_Activity_
Produce a faithful copy of every record below, without the pictures.

Start of Data provided

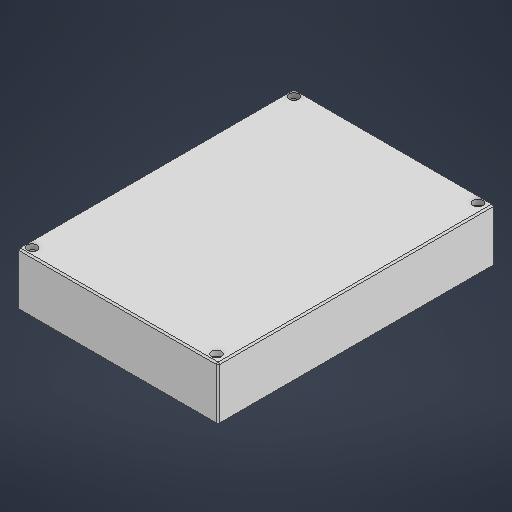
# Autodesk Inventor part: Kameraturm_Deckel
Saved by Autodesk Inventor 2026.1 (Build 301233020, 233B)
## iProperties
Created: 2025-08-17
Part Number: Kameraturm_Deckel
Material: Generic
Document SubType Name: Modeling
Designer: peter
Density: 1 g/cm^3
Appearance: Default
Author: peter
Autodesk Inventor part; units mm, degrees
ref_plane "YZ Plane" through (0, 0, 0) normal (1, 0, 0) x (0, 1, 0)
ref_plane "XZ Plane" through (0, 0, 0) normal (0, 1, 0) x (-1, 0, 0)
ref_plane "XY Plane" through (0, 0, 0) normal (0, 0, 1) x (1, 0, 0)
sketch "Sketch1" plane through (0, 0, 0) normal (0, 0, 1) x (1, 0, 0)
  line L0 (-61.5, -83.5) -> (62.5, -83.5)
  line L1 (62.5, -83.5) -> (62.5, 73.5)
  line L2 (62.5, 73.5) -> (-61.5, 73.5)
  line L3 (-61.5, 73.5) -> (-61.5, -83.5)
  line L4 (-67.5, -94.5) -> (67.5, -94.5) projected
  line L5 (67.5, -94.5) -> (67.5, 91.5) projected
  line L6 (62.5, -70.5) -> (-20.5, -70.5) projected
  line L7 (-20.5, 73.5) -> (62.5, 73.5) projected
  line L8 (62.5, 73.5) -> (62.5, -70.5) projected
  line L9 (67.5, 91.5) -> (-67.5, 91.5) projected
  line L10 (-67.5, 91.5) -> (-67.5, -94.5) projected
  circle A0 centre (61.2932, 86.5) radius 2 projected
  circle A1 centre (61.2932, -89.3536) radius 2 projected
  circle A2 centre (-62.5, -89.3536) radius 2 projected
  circle A3 centre (-62.5, 86.5) radius 2 projected
  line L11 (-64.5, -83.5) -> (-64.5, 80.5) projected
  line L12 (-58.5, 86.5) -> (-64.5, 80.5) projected
  line L13 (-58.5, 86.5) -> (-30.5, 86.5) projected
  line L14 (-30.5, 86.5) -> (-30.5, 24) projected
  line L15 (-30.5, 24) -> (-20.5, 24) projected
  line L16 (-20.5, 24) -> (-20.5, 73.5) projected
  line L17 (-20.5, -70.5) -> (-20.5, -21) projected
  line L18 (-20.5, -21) -> (-30.5, -21) projected
  line L19 (-30.5, -21) -> (-30.5, -89.5) projected
  line L20 (-30.5, -89.5) -> (-58.5, -89.5) projected
  line L21 (-64.5, -83.5) -> (-58.5, -89.5) projected
  point P0 (0, 0)
  point P1 (67.5, -91)
  point P2 (67, 91.5)
  point P3 (-67, 91.5)
  point P4 (-67.5, 91)
  constraints: 8 end point, 2 parallel, 1 horizontal, 1 perpendicular
extrude "Extrusion1" add sketch "Sketch1" along normal blind 35 contours L3 L2 L14 L15 L16 L1 L6 L17 L18 L19 L0 | L0 L19 L20 L21 L11 L12 L13 L14 L2 L3 | L19 L18 L17 L6 L1 L0 | L2 L16 L15 L14 | L10 L9 L5 L4 | A0 | A1 | A2 | A3
sketch "Skizze3" plane through (0, 0, 35) normal (0, 0, 1) x (1, 0, 0)
  circle A0 centre (61.2932, 86.5) radius 2 projected
  circle A1 centre (-62.5, 86.5) radius 2 projected
  circle A2 centre (61.2932, -89.3536) radius 2 projected
  circle A3 centre (-62.5, -89.3536) radius 2 projected
  point P0 (0, 0)
hole "Bohrung1" at (-62.5, 86.5, 35) at (61.2932, 86.5, 35) at (61.2932, -89.3536, 35) at (-62.5, -89.3536, 35) direction (0, 0, -1) diameter 3.4 end through all counterbore diameter 6.5 counterbore depth 3.4 clearance for "Inbusschraube DIN EN ISO 4762" size "M3" standard "DIN"
sketch "Skizze4" plane through (0, 0, 0) normal (0, 0, -1) x (-1, 0, 0)
  line L0 (-57.5, 84.5) -> (57.5, 84.5)
  line L1 (57.5, 84.5) -> (57.5, -84.5)
  line L2 (57.5, -84.5) -> (-57.5, -84.5)
  line L3 (-57.5, -84.5) -> (-57.5, 84.5)
  line L4 (-57.5, 84.5) -> (57.5, -84.5) construction
  line L5 (57.5, 84.5) -> (-57.5, -84.5) construction
  line L6 (67.5, 91.5) -> (67.5, -94.5) projected
  line L7 (67.5, -94.5) -> (-67.5, -94.5) projected
  point P0 (0, 0)
  dimension "d14" = 10
  dimension "d15" = 10
  constraints: 12 end point, 2 midpoint, 2 parallel, 1 horizontal, 1 perpendicular
  measures "d14" distance between parallel lines of L6 L1
  measures "d15" distance between parallel lines of L7 L2
extrude "Extrusion3" cut sketch "Skizze4" against normal blind 30
chamfer "Fasen2" distance 1 angle 45 4 edges at (-67.5, -94.5, 17.5) (-67.5, 91.5, 17.5) (67.5, 91.5, 17.5) (67.5, -94.5, 17.5)
chamfer "Fasen3" distance 1 angle 45 8 edges at (-67.5, -1.5, 35) (0, 91.5, 35) (67.5, -1.5, 35) (0, -94.5, 35) (-67, -94, 35) (67, -94, 35) (67, 91, 35) (-67, 91, 35)
body "Solid1"

End of Data provided

_Your solution_
# Autodesk Inventor part: Kameraturm_Deckel
Saved by Autodesk Inventor 2026.1 (Build 301233020, 233B)
## iProperties
Created: 2025-08-17
Part Number: Kameraturm_Deckel
Material: Generic
Document SubType Name: Modeling
Designer: peter
Density: 1 g/cm^3
Appearance: Default
Author: peter
Autodesk Inventor part; units mm, degrees
ref_plane "YZ Plane" through (0, 0, 0) normal (1, 0, 0) x (0, 1, 0)
ref_plane "XZ Plane" through (0, 0, 0) normal (0, 1, 0) x (-1, 0, 0)
ref_plane "XY Plane" through (0, 0, 0) normal (0, 0, 1) x (1, 0, 0)
sketch "Sketch1" plane through (0, 0, 0) normal (0, 0, 1) x (1, 0, 0)
  line L0 (-61.5, -83.5) -> (62.5, -83.5)
  line L1 (62.5, -83.5) -> (62.5, 73.5)
  line L2 (62.5, 73.5) -> (-61.5, 73.5)
  line L3 (-61.5, 73.5) -> (-61.5, -83.5)
  line L4 (-67.5, -94.5) -> (67.5, -94.5) projected
  line L5 (67.5, -94.5) -> (67.5, 91.5) projected
  line L6 (62.5, -70.5) -> (-20.5, -70.5) projected
  line L7 (-20.5, 73.5) -> (62.5, 73.5) projected
  line L8 (62.5, 73.5) -> (62.5, -70.5) projected
  line L9 (67.5, 91.5) -> (-67.5, 91.5) projected
  line L10 (-67.5, 91.5) -> (-67.5, -94.5) projected
  circle A0 centre (61.2932, 86.5) radius 2 projected
  circle A1 centre (61.2932, -89.3536) radius 2 projected
  circle A2 centre (-62.5, -89.3536) radius 2 projected
  circle A3 centre (-62.5, 86.5) radius 2 projected
  line L11 (-64.5, -83.5) -> (-64.5, 80.5) projected
  line L12 (-58.5, 86.5) -> (-64.5, 80.5) projected
  line L13 (-58.5, 86.5) -> (-30.5, 86.5) projected
  line L14 (-30.5, 86.5) -> (-30.5, 24) projected
  line L15 (-30.5, 24) -> (-20.5, 24) projected
  line L16 (-20.5, 24) -> (-20.5, 73.5) projected
  line L17 (-20.5, -70.5) -> (-20.5, -21) projected
  line L18 (-20.5, -21) -> (-30.5, -21) projected
  line L19 (-30.5, -21) -> (-30.5, -89.5) projected
  line L20 (-30.5, -89.5) -> (-58.5, -89.5) projected
  line L21 (-64.5, -83.5) -> (-58.5, -89.5) projected
  point P0 (0, 0)
  point P1 (67.5, -91)
  point P2 (67, 91.5)
  point P3 (-67, 91.5)
  point P4 (-67.5, 91)
  constraints: 8 end point, 2 parallel, 1 horizontal, 1 perpendicular
extrude "Extrusion1" add sketch "Sketch1" along normal blind 35 contours L3 L2 L14 L15 L16 L1 L6 L17 L18 L19 L0 | L0 L19 L20 L21 L11 L12 L13 L14 L2 L3 | L19 L18 L17 L6 L1 L0 | L2 L16 L15 L14 | L10 L9 L5 L4 | A0 | A1 | A2 | A3
sketch "Skizze3" plane through (0, 0, 35) normal (0, 0, 1) x (1, 0, 0)
  circle A0 centre (61.2932, 86.5) radius 2 projected
  circle A1 centre (-62.5, 86.5) radius 2 projected
  circle A2 centre (61.2932, -89.3536) radius 2 projected
  circle A3 centre (-62.5, -89.3536) radius 2 projected
  point P0 (0, 0)
hole "Bohrung1" at (-62.5, 86.5, 35) at (61.2932, 86.5, 35) at (61.2932, -89.3536, 35) at (-62.5, -89.3536, 35) direction (0, 0, -1) diameter 3.4 end through all counterbore diameter 6.5 counterbore depth 3.4 clearance for "Inbusschraube DIN EN ISO 4762" size "M3" standard "DIN"
sketch "Skizze4" plane through (0, 0, 0) normal (0, 0, -1) x (-1, 0, 0)
  line L0 (-57.5, 84.5) -> (57.5, 84.5)
  line L1 (57.5, 84.5) -> (57.5, -84.5)
  line L2 (57.5, -84.5) -> (-57.5, -84.5)
  line L3 (-57.5, -84.5) -> (-57.5, 84.5)
  line L4 (-57.5, 84.5) -> (57.5, -84.5) construction
  line L5 (57.5, 84.5) -> (-57.5, -84.5) construction
  line L6 (67.5, 91.5) -> (67.5, -94.5) projected
  line L7 (67.5, -94.5) -> (-67.5, -94.5) projected
  point P0 (0, 0)
  dimension "d14" = 10
  dimension "d15" = 10
  constraints: 12 end point, 2 midpoint, 2 parallel, 1 horizontal, 1 perpendicular
  measures "d14" distance between parallel lines of L6 L1
  measures "d15" distance between parallel lines of L7 L2
extrude "Extrusion3" cut sketch "Skizze4" against normal blind 30
chamfer "Fasen2" distance 1 angle 45 4 edges at (-67.5, -94.5, 17.5) (-67.5, 91.5, 17.5) (67.5, 91.5, 17.5) (67.5, -94.5, 17.5)
chamfer "Fasen3" distance 1 angle 45 8 edges at (-67.5, -1.5, 35) (0, 91.5, 35) (67.5, -1.5, 35) (0, -94.5, 35) (-67, -94, 35) (67, -94, 35) (67, 91, 35) (-67, 91, 35)
body "Solid1"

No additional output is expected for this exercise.